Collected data

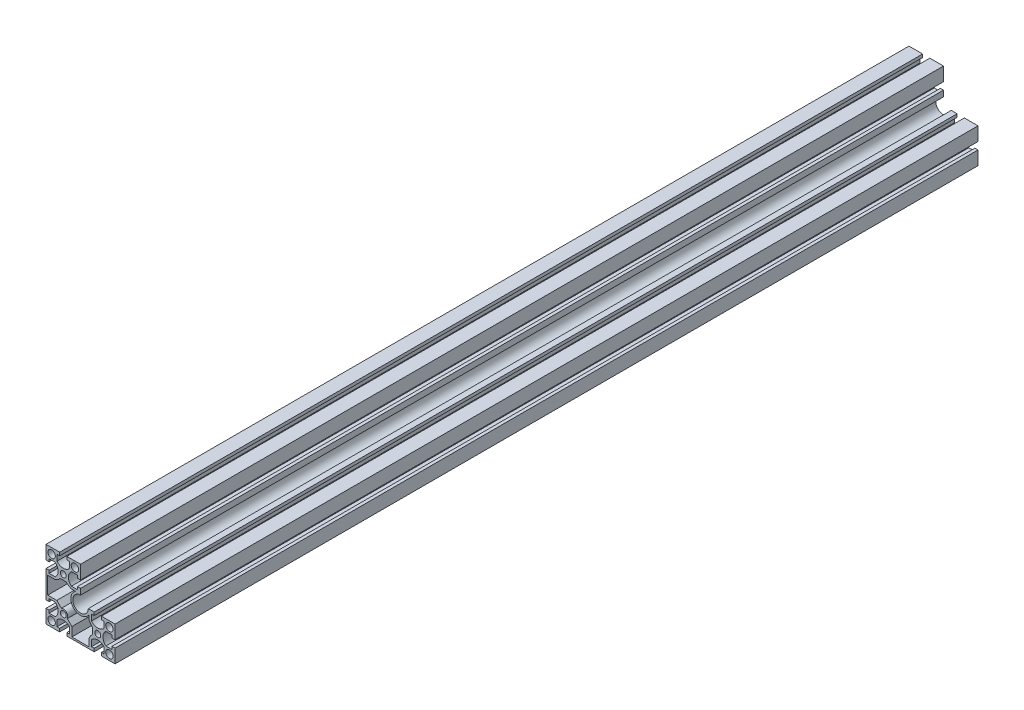
SolidWorks part; units mm, degrees
material "6063 T5"
ref_plane "Спереди" through (0, 0, 0) normal (0, 0, 1) x (1, 0, 0)
ref_plane "Сверху" through (0, 0, 0) normal (0, 1, 0) x (1, 0, 0)
ref_plane "Справа" through (0, 0, 0) normal (1, 0, 0) x (0, 0, -1)
sketch "Эскиз1" plane through (0, 0, 0) normal (0, 0, 1) x (1, 0, 0)
  line L0 (-19.9727, 74.2967) -> (60.0273, 74.2967) construction
  line L1 (0, 40) -> (0, 0) construction
  line L2 (0, 0) -> (40, 0) construction
  line L3 (-20, 47.3) -> (-20, 60)
  line L4 (-20, 60) -> (-7.3, 60)
  line L5 (7.3, 60) -> (20, 60)
  line L6 (20, 60) -> (20, 47.3)
  line L7 (0, 20) -> (-33.7669, 20) construction
  line L8 (-20, -7.3) -> (-20, -20)
  line L9 (-20, -20) -> (-7.3, -20)
  line L10 (-20, 32.7) -> (-20, 7.3)
  line L11 (0, 0) -> (36.7738, 36.7738) construction
  line L12 (32.7, -20) -> (7.3, -20)
  line L13 (47.3, -20) -> (60, -20)
  line L14 (60, -20) -> (60, -7.3)
  line L15 (60, 7.3) -> (60, 20)
  line L16 (60, 20) -> (47.3, 20)
  line L17 (20, 32.7) -> (20, 29)
  line L18 (29, 20) -> (32.7, 20)
  line L19 (-2.208, 4.708) -> (-7.5, 10)
  line L20 (-7.5, 10) -> (-18, 10)
  line L21 (-18, 10) -> (-18, 30)
  line L22 (-18, 30) -> (-9, 30)
  line L23 (-9, 30) -> (-5.451, 32.049)
  line L24 (-5.451, 32.049) -> (-3.5, 34)
  line L25 (-3.5, 34) -> (3.5, 34)
  line L26 (3.5, 34) -> (5.451, 32.049)
  line L27 (5.451, 32.049) -> (9, 30)
  line L28 (9, 30) -> (14.7379, 30)
  line L29 (30, 9) -> (30, 14.7379)
  line L30 (32.049, 5.451) -> (30, 9)
  line L31 (34, 3.5) -> (32.049, 5.451)
  line L32 (34, -3.5) -> (34, 3.5)
  line L33 (32.049, -5.451) -> (34, -3.5)
  line L34 (30, -9) -> (32.049, -5.451)
  line L35 (30, -18) -> (30, -9)
  line L36 (10, -18) -> (30, -18)
  line L37 (10, -7.5) -> (10, -18)
  line L38 (4.708, -2.208) -> (10, -7.5)
  circle A0 centre (0, 40) radius 3.4
  circle A1 centre (-13.5, 53.5) radius 4.3
  circle A3 centre (13.5, 53.5) radius 4.3
  circle A4 centre (-13.5, -13.5) radius 4.3
  circle A5 centre (0, 0) radius 3.4
  circle A6 centre (40, 0) radius 3.4
  circle A7 centre (53.5, 13.5) radius 4.3
  circle A8 centre (53.5, -13.5) radius 4.3
  arc A9 (20, 29) -> (29, 20) centre (20, 20) ccw
  arc A10 (4.708, -2.208) -> (-2.208, 4.708) centre (0, 0) ccw
  arc A11 (14.7379, 30) -> (30, 14.7379) centre (20, 20) ccw
  point P7 (-20, 40)
  point P11 (0, 40)
  point P62 (0, 34)
  line B0 (-20, 47.3) -> (-20, 44.2)
  line B1 (-20, 44.2) -> (-16.4, 44.2)
  line B2 (-16.4, 44.2) -> (-16.4, 47.3)
  line B3 (-16.4, 47.3) -> (-9.4, 47.3)
  line B4 (-9.4, 32.7) -> (-16.4, 32.7)
  line B5 (-16.4, 32.7) -> (-16.4, 35.8)
  line B6 (-16.4, 35.8) -> (-20, 35.8)
  line B7 (-20, 35.8) -> (-20, 32.7)
  line B8 (-20, 47.3) -> (-20, 32.7) construction
  arc B9 (-9.4, 47.3) -> (-9.4, 32.7) centre (-15.4795, 40) cw
  line B10 (7.3, 60) -> (4.2, 60)
  line B11 (4.2, 60) -> (4.2, 56.4)
  line B12 (4.2, 56.4) -> (7.3, 56.4)
  line B13 (7.3, 56.4) -> (7.3, 49.4)
  line B14 (-7.3, 49.4) -> (-7.3, 56.4)
  line B15 (-7.3, 56.4) -> (-4.2, 56.4)
  line B16 (-4.2, 56.4) -> (-4.2, 60)
  line B17 (-4.2, 60) -> (-7.3, 60)
  line B18 (7.3, 60) -> (-7.3, 60) construction
  arc B19 (7.3, 49.4) -> (-7.3, 49.4) centre (0, 55.4795) cw
  line B20 (20, 32.7) -> (20, 35.8)
  line B21 (20, 35.8) -> (16.4, 35.8)
  line B22 (16.4, 35.8) -> (16.4, 32.7)
  line B23 (16.4, 32.7) -> (9.4, 32.7)
  line B24 (9.4, 47.3) -> (16.4, 47.3)
  line B25 (16.4, 47.3) -> (16.4, 44.2)
  line B26 (16.4, 44.2) -> (20, 44.2)
  line B27 (20, 44.2) -> (20, 47.3)
  line B28 (20, 32.7) -> (20, 47.3) construction
  arc B29 (9.4, 32.7) -> (9.4, 47.3) centre (15.4795, 40) cw
  line B30 (-20, -7.3) -> (-20, -4.2)
  line B31 (-20, -4.2) -> (-16.4, -4.2)
  line B32 (-16.4, -4.2) -> (-16.4, -7.3)
  line B33 (-16.4, -7.3) -> (-9.4, -7.3)
  line B34 (-9.4, 7.3) -> (-16.4, 7.3)
  line B35 (-16.4, 7.3) -> (-16.4, 4.2)
  line B36 (-16.4, 4.2) -> (-20, 4.2)
  line B37 (-20, 4.2) -> (-20, 7.3)
  line B38 (-20, -7.3) -> (-20, 7.3) construction
  arc B39 (-9.4, -7.3) -> (-9.4, 7.3) centre (-15.4795, 0) ccw
  line B40 (7.3, -20) -> (4.2, -20)
  line B41 (4.2, -20) -> (4.2, -16.4)
  line B42 (4.2, -16.4) -> (7.3, -16.4)
  line B43 (7.3, -16.4) -> (7.3, -9.4)
  line B44 (-7.3, -9.4) -> (-7.3, -16.4)
  line B45 (-7.3, -16.4) -> (-4.2, -16.4)
  line B46 (-4.2, -16.4) -> (-4.2, -20)
  line B47 (-4.2, -20) -> (-7.3, -20)
  line B48 (7.3, -20) -> (-7.3, -20) construction
  arc B49 (7.3, -9.4) -> (-7.3, -9.4) centre (0, -15.4795) ccw
  line B50 (32.7, 20) -> (35.8, 20)
  line B51 (35.8, 20) -> (35.8, 16.4)
  line B52 (35.8, 16.4) -> (32.7, 16.4)
  line B53 (32.7, 16.4) -> (32.7, 9.4)
  line B54 (47.3, 9.4) -> (47.3, 16.4)
  line B55 (47.3, 16.4) -> (44.2, 16.4)
  line B56 (44.2, 16.4) -> (44.2, 20)
  line B57 (44.2, 20) -> (47.3, 20)
  line B58 (32.7, 20) -> (47.3, 20) construction
  arc B59 (32.7, 9.4) -> (47.3, 9.4) centre (40, 15.4795) ccw
  line B60 (60, 7.3) -> (60, 4.2)
  line B61 (60, 4.2) -> (56.4, 4.2)
  line B62 (56.4, 4.2) -> (56.4, 7.3)
  line B63 (56.4, 7.3) -> (49.4, 7.3)
  line B64 (49.4, -7.3) -> (56.4, -7.3)
  line B65 (56.4, -7.3) -> (56.4, -4.2)
  line B66 (56.4, -4.2) -> (60, -4.2)
  line B67 (60, -4.2) -> (60, -7.3)
  line B68 (60, 7.3) -> (60, -7.3) construction
  arc B69 (49.4, 7.3) -> (49.4, -7.3) centre (55.4795, 0) ccw
  line B70 (47.3, -20) -> (44.2, -20)
  line B71 (44.2, -20) -> (44.2, -16.4)
  line B72 (44.2, -16.4) -> (47.3, -16.4)
  line B73 (47.3, -16.4) -> (47.3, -9.4)
  line B74 (32.7, -9.4) -> (32.7, -16.4)
  line B75 (32.7, -16.4) -> (35.8, -16.4)
  line B76 (35.8, -16.4) -> (35.8, -20)
  line B77 (35.8, -20) -> (32.7, -20)
  line B78 (47.3, -20) -> (32.7, -20) construction
  arc B79 (47.3, -9.4) -> (32.7, -9.4) centre (40, -15.4795) ccw
  dimension "D3" = 6.8
  dimension "D6" = 8.6
  dimension "D7" = 6.5
  dimension "D10" = 9
  dimension "D11" = 11.3
  dimension "D22" = 5.2
  dimension "D1" = 80
  dimension "D2" = 40
  dimension "D4" = 20
  dimension "D8" = 6.5
  dimension "D9" = 45
  dimension "D12" = 2.7
  dimension "D13" = 2.7
  dimension "D14" = 7
  dimension "D15" = 45
  dimension "D16" = 6
  dimension "D17" = 30
  dimension "D18" = 2
  dimension "D19" = 9
  dimension "D20" = 2.7
  dimension "D21" = 10.5
  dimension "D5" = 3
sketch_block_instance "8G(14,5С)-1"
sketch_block "8G(14,5С)" parameters "D4"=6.5, "D1"=14.6, "D2"=8.4, "D3"=2.2, "D5"=6
sketch_block_instance "8G(14,5С)-3"
sketch_block_instance "8G(14,5С)-4"
sketch_block_instance "8G(14,5С)-5"
sketch_block_instance "8G(14,5С)-6"
sketch_block_instance "8G(14,5С)-7"
sketch_block_instance "8G(14,5С)-8"
sketch_block_instance "8G(14,5С)-9"
extrude "Бобышка-Вытянуть1" add sketch "Эскиз1" along normal blind 1000 contours B79 B73 B72 B71 B70 L13 L14 B67 B66 B65 B64 B69 B63 B62 B61 B60 L15 L16 B57 B56 B55 B54 B59 B53 B52 B51 B50 L18 A9 L17 B20 B21 B22 B23 B29 B24 B25 B26 B27 L6 L5 B10 B11 B12 B13 B19 B14 B15 B16 B17 L4

Task directions>
Out of the data above, give again only the lines starting at the one holding "line B45 (-7.3, -16.4) -> (-4.2, -16.4)" and ending at the one holding "line B50 (32.7, 20) -> (35.8, 20)", unchanged.

Output below>
  line B45 (-7.3, -16.4) -> (-4.2, -16.4)
  line B46 (-4.2, -16.4) -> (-4.2, -20)
  line B47 (-4.2, -20) -> (-7.3, -20)
  line B48 (7.3, -20) -> (-7.3, -20) construction
  arc B49 (7.3, -9.4) -> (-7.3, -9.4) centre (0, -15.4795) ccw
  line B50 (32.7, 20) -> (35.8, 20)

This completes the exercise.